To find the present value (PV) of an annuity, we can use the formula for the present value of an ordinary annuity:

\[ PV = P \times \left( \frac{1 - (1 + r)^{-n}}{r} \right) \]

where:

  • \( P \) is the payment amount per period ($2,700 per month),
  • \( r \) is the monthly interest rate (annual rate divided by 12),
  • \( n \) is the total number of payments (number of years multiplied by 12).

Given:

  • Monthly payment \( P = 2700 \)
  • Annual interest rate \( 6\% \) or \( 0.06 \)
  • Number of years \( 10 \)

We need to convert the annual interest rate to a monthly interest rate and calculate the total number of payments.

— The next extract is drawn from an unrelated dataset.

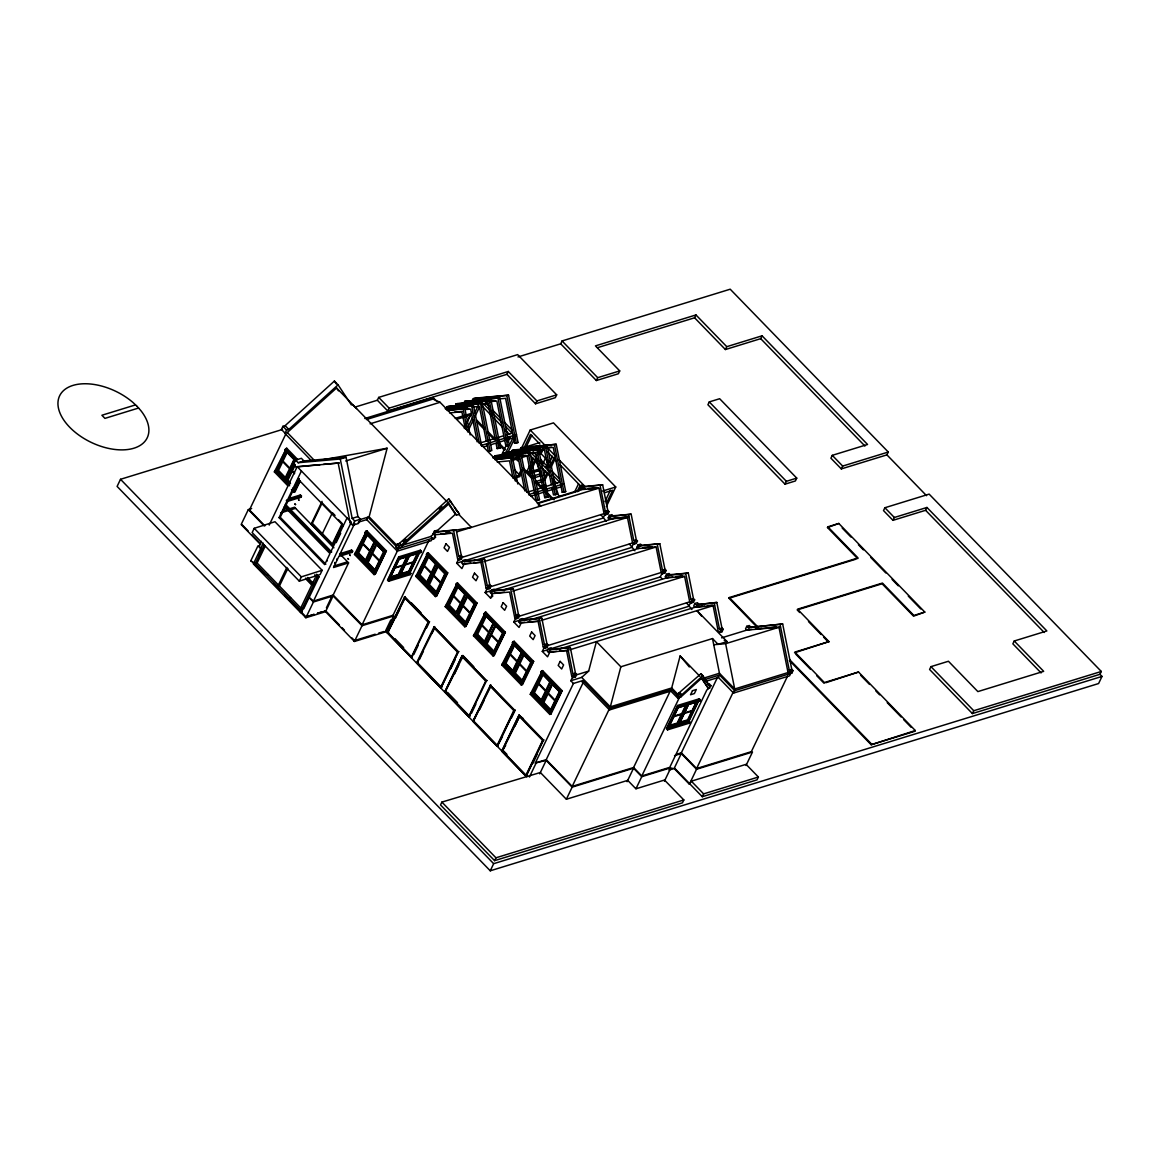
<?xml version="1.0" encoding="UTF-8"?>
<svg xmlns="http://www.w3.org/2000/svg" width="1160" height="1160" viewBox="0 0 1160 1160"><rect width="100%" height="100%" fill="white"/><g stroke="black" fill="none" stroke-linecap="round" stroke-linejoin="round"><path stroke-width="1.5" d="M326.656 561.15L327.236 560.904M359.31 519.825L369.126 516.809L387.135 448.238L322.132 459.882M581.711 677.396L588.657 671.103L596.414 641.611L620.846 666.783L610.32 706.861L581.711 677.396L570.807 680.746L573.432 683.457L583.088 680.485L610.189 708.426L671.582 689.518L679.383 697.566L680.644 697.174L701.669 678.15L708.601 688.576L711.051 685.69L709.18 683.762L707.919 684.154L701.002 673.728L678.716 693.143L677.512 695.637M610.32 706.861L671.698 687.967L680.122 655.937L699.799 676.222M282.532 429.432L120.509 479.298L117.102 486.417L490.26 870.797L1098.592 683.544L1102 676.425L1099.941 674.308L972.399 713.574L929.595 669.479L930.958 666.637L948.431 661.258L977.88 691.592L1043.681 671.336L1014.231 641.001L1012.868 643.843L1041.1 672.916M351.407 404.956L338.067 384.845L334.399 381.06L285.142 425.633L282.924 426.314L281.43 429.432L285.099 433.216L287.317 432.535L336.574 387.962L447.238 501.961M260.754 544.721L241.149 524.538L248.327 509.573L251.633 508.559M285.099 433.216L286.592 430.099L288.811 429.417L338.067 384.845M285.708 434.246L249.444 509.95L264.886 525.842M287.81 485.75L274.355 471.888L285.824 449.529L284.939 449.804L295.945 461.129M284.939 449.804L286.708 448.209L297.714 459.548M286.708 448.209L275.529 471.525L274.355 471.888M277.385 470.583L286.868 451.312L294.785 459.476L285.606 478.645L277.385 470.583L286.868 451.312M254.2 528.308L252.155 532.585L299.294 581.145L320.102 574.577L322.146 570.299L274.993 521.739L254.2 528.308L301.353 576.868L322.146 570.299M285.302 478.732L294.785 459.476M338.212 463.304L350.117 522.652L352.654 525.262L358.425 523.493L360.485 519.202L357.947 516.591L346.043 457.243L303.92 460.94L301.382 458.316L295.611 460.099L293.552 464.377L296.09 467.001L339.329 462.956L323.524 464.348M289.087 482.618L286.825 480.298L294.481 464.319M286.825 480.298L294.77 464.232M295.176 465.073L292.436 470.786L294.712 473.135M254.808 564.137L250.792 560.802L257.969 545.838L261.392 549.361M251.865 561.295L250.792 560.802M261.421 541.328L259.086 546.201L261.986 549.173M269.207 525.103L297.207 466.653L320.015 464.652M263.305 543.17L253.373 563.919L300.454 612.422L302.224 611.885M258.52 555.35L260.681 550.855M315.302 577.665L300.005 609.58L255.36 563.572L264.175 545.171M255.36 563.572L257.114 563.035L265.19 546.157M279.067 517.635L284.36 506.587L285.519 506.224L280.227 517.273L279.067 517.635L324.684 564.615L329.976 553.566L284.36 506.587M284.939 505.354L286.114 505.006L331.731 551.986L330.556 552.348L284.939 505.354L301.411 470.989M286.114 505.006L298.83 478.442M294.785 487.185L298.279 479.907M299.324 478.863L294.742 488.447L298.86 480.37M291.479 489.52L293.915 492.043L300.005 480.921M293.915 492.043L295.089 491.68L300.31 480.805M286.462 500.308L299.831 496.19L300.411 494.972L301.469 496.045L300.875 497.277L287.52 501.396M286.853 567.428L277.675 586.568L279.43 586.032L287.839 568.487M322.06 501.352L311.185 524.073L332.296 545.823L342.403 524.726M377.334 400.243L378.697 397.401L517.65 354.626L556.684 394.835L555.321 397.691L535.529 403.782L506.92 374.317L387.759 410.988L377.334 400.243L354.916 407.146M299.294 581.145L301.353 576.868M322.379 533.615L332.108 513.314M387.759 410.988L389.122 408.146L508.283 371.476L536.891 400.939L556.684 394.835M300.454 612.422L317.274 577.317L319.043 576.781L316.564 574.229M333.166 595.022L362.079 624.82L393.037 615.293L393.704 615.975L362.007 625.733L333.094 595.95L325.554 611.683L305.877 617.743L301.121 612.842L308.661 597.11L313.49 601.083L333.166 595.022L348.565 562.89L341.33 555.452M330.556 552.348L347.029 517.984M303.746 608.696L319.043 576.781M336.212 542.619L340.707 533.237M284.693 595.109L305.95 616.815M313.49 601.083L351.233 522.319L297.207 466.653L296.09 467.001M305.877 617.743L313.418 601.996L333.094 595.95M352.654 525.262L354.714 520.985L360.485 519.202M354.728 523.305L339.43 555.249L352.669 551.174L351.611 550.087L340.025 553.654M342.751 553.856L351.031 551.319L351.611 550.087M358.15 522.261L366.705 519.622L367.88 517.186L397.242 547.433M348.565 562.89L333.543 567.515L338.836 556.466L352.075 552.392L352.669 551.174M326.395 607.84L331.673 596.835M354.496 554.451L365.965 532.077L365.081 532.353L384.641 552.508L385.526 552.233L375.536 573.098L374.057 574.591L354.496 554.451L355.671 554.088L366.85 530.758L386.411 550.913L375.231 574.229L374.057 574.591M365.081 532.353L366.85 530.758M357.541 553.132L367.01 533.875L374.926 542.024L365.748 561.193L357.541 553.132L367.01 533.875M365.443 561.295L374.926 542.024M366.966 562.846L376.449 543.591L384.366 551.74L375.173 570.909L366.966 562.846L376.449 543.591M374.883 570.995L384.366 551.74M384.641 552.508L386.411 550.913M454.778 513.329L456.518 515.112L459.476 514.199L448.732 498.843L399.475 543.402L397.257 544.083L395.763 547.201L397.503 548.999L432.448 538.24L431.288 540.676L397.3 551.13L366.705 519.622M397.503 548.999L398.997 545.882L401.215 545.186L450.471 500.627M362.079 624.82L398.46 548.695M324.887 610.986L354.467 641.465L362.007 625.733M388.382 579.246L398.387 558.366L399.171 559.192L420.848 552.523L421.428 551.29L420.37 550.202L398.707 556.872L387.527 580.188L388.586 581.276L410.263 574.62L410.843 573.388L410.046 572.576L388.382 579.246L389.18 580.058L410.843 573.388M389.803 577.636L398.576 574.925L408.03 556.032L398.837 575.201L390.079 577.912L399.257 558.728M388.586 581.276L389.18 580.058M390.079 577.912L399.765 557.96L398.707 556.872M467.451 421.239L470.38 415.091L456.75 419.297M464.217 428.228L471.902 412.177M467.857 427.185L472.468 417.557M474.774 412.742L478.616 404.724M467.886 431.288L473.265 420.05M474.802 416.846L479.413 407.218M401.012 572.822L409.436 555.249L418.47 552.827L409.277 571.996L400.243 574.417L409.016 571.721L418.195 552.551L412.351 554.35M400.519 574.693L409.697 555.524M409.944 571.967L420.37 550.202M410.046 572.576L420.05 551.711L420.848 552.523M506.92 374.317L508.283 371.476M390.775 620.005L385.497 631.025L526.828 776.794M393.037 615.293L428.837 540.574M393.704 615.975L386.164 631.707L354.467 641.465M433.202 533.615L434.391 531.12L436.914 530.352L438.045 531.526L456.17 529.932L461.288 555.466L462.492 556.698L461.303 559.192L458.78 559.976L457.576 558.728L452.458 533.194L434.333 534.789L433.202 533.615L434.608 533.194M405.289 596.588L387.193 632.896L388.02 632.649M412.351 656.546L411.51 656.792L387.889 632.461L405.348 597.516M395.429 618.207L399.678 609.333M401.548 545.519L430.78 536.514L433.405 539.226L435.739 534.354L434.333 534.789M415.816 576.404L427.286 554.045L426.401 554.306L445.976 574.461L446.846 574.186L436.856 595.051L435.391 596.559L415.816 576.404L416.991 576.041L428.171 552.726L447.731 572.866L436.566 596.197L435.391 596.559M426.401 554.306L428.171 552.726M418.861 575.099L428.345 555.828L436.247 563.977L427.068 583.161L418.861 575.099L428.345 555.828M426.778 583.248L436.247 563.977M428.286 584.799L437.77 565.543L445.686 573.692L436.493 592.861L428.286 584.799L437.77 565.543M501.627 454.923L506.209 445.353M507.732 442.163L510.037 437.378M436.203 592.963L445.686 573.692M445.976 574.461L447.731 572.866M506.021 452.298L512.894 437.943L490.506 444.846M507.587 453.183L514.46 438.828M515.228 437.233L516.476 434.623L481.197 445.483M517.998 356.946L560.701 343.81L562.063 340.953L730.205 289.202L888.284 452.037L886.921 454.879L841.319 468.915L830.908 458.2L832.271 455.343L867.564 444.483L762.062 335.82L726.769 346.68L725.406 349.537L694.593 317.782L597.487 347.681M411.51 656.792L428.127 622.108L429.577 621.601L426.575 627.865M470.829 563.136L464.247 563.716L461.912 568.588L456.649 563.165L458.983 558.293L460.186 559.54M458.78 559.976L459.983 557.481L462.492 556.698M413.801 654.515L418.31 645.12M535.529 403.782L536.891 400.939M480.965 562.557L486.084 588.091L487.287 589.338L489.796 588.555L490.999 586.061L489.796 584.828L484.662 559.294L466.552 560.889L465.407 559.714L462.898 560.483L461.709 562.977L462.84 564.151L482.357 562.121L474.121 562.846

Step 1: Define the Variables

We are given the following values:

  • Monthly payment \( P = 2700 \)
  • Annual interest rate \( r_{annual} = 0.06 \)
  • Number of years \( t = 10 \)
Step 2: Convert Annual Rate to Monthly Rate

To find the monthly interest rate, we calculate: \[ r = \frac{r_{annual}}{12} = \frac{0.06}{12} = 0.005 \]

Step 3: Calculate Total Number of Payments

The total number of payments over 10 years is: \[ n = t \times 12 = 10 \times 12 = 120 \]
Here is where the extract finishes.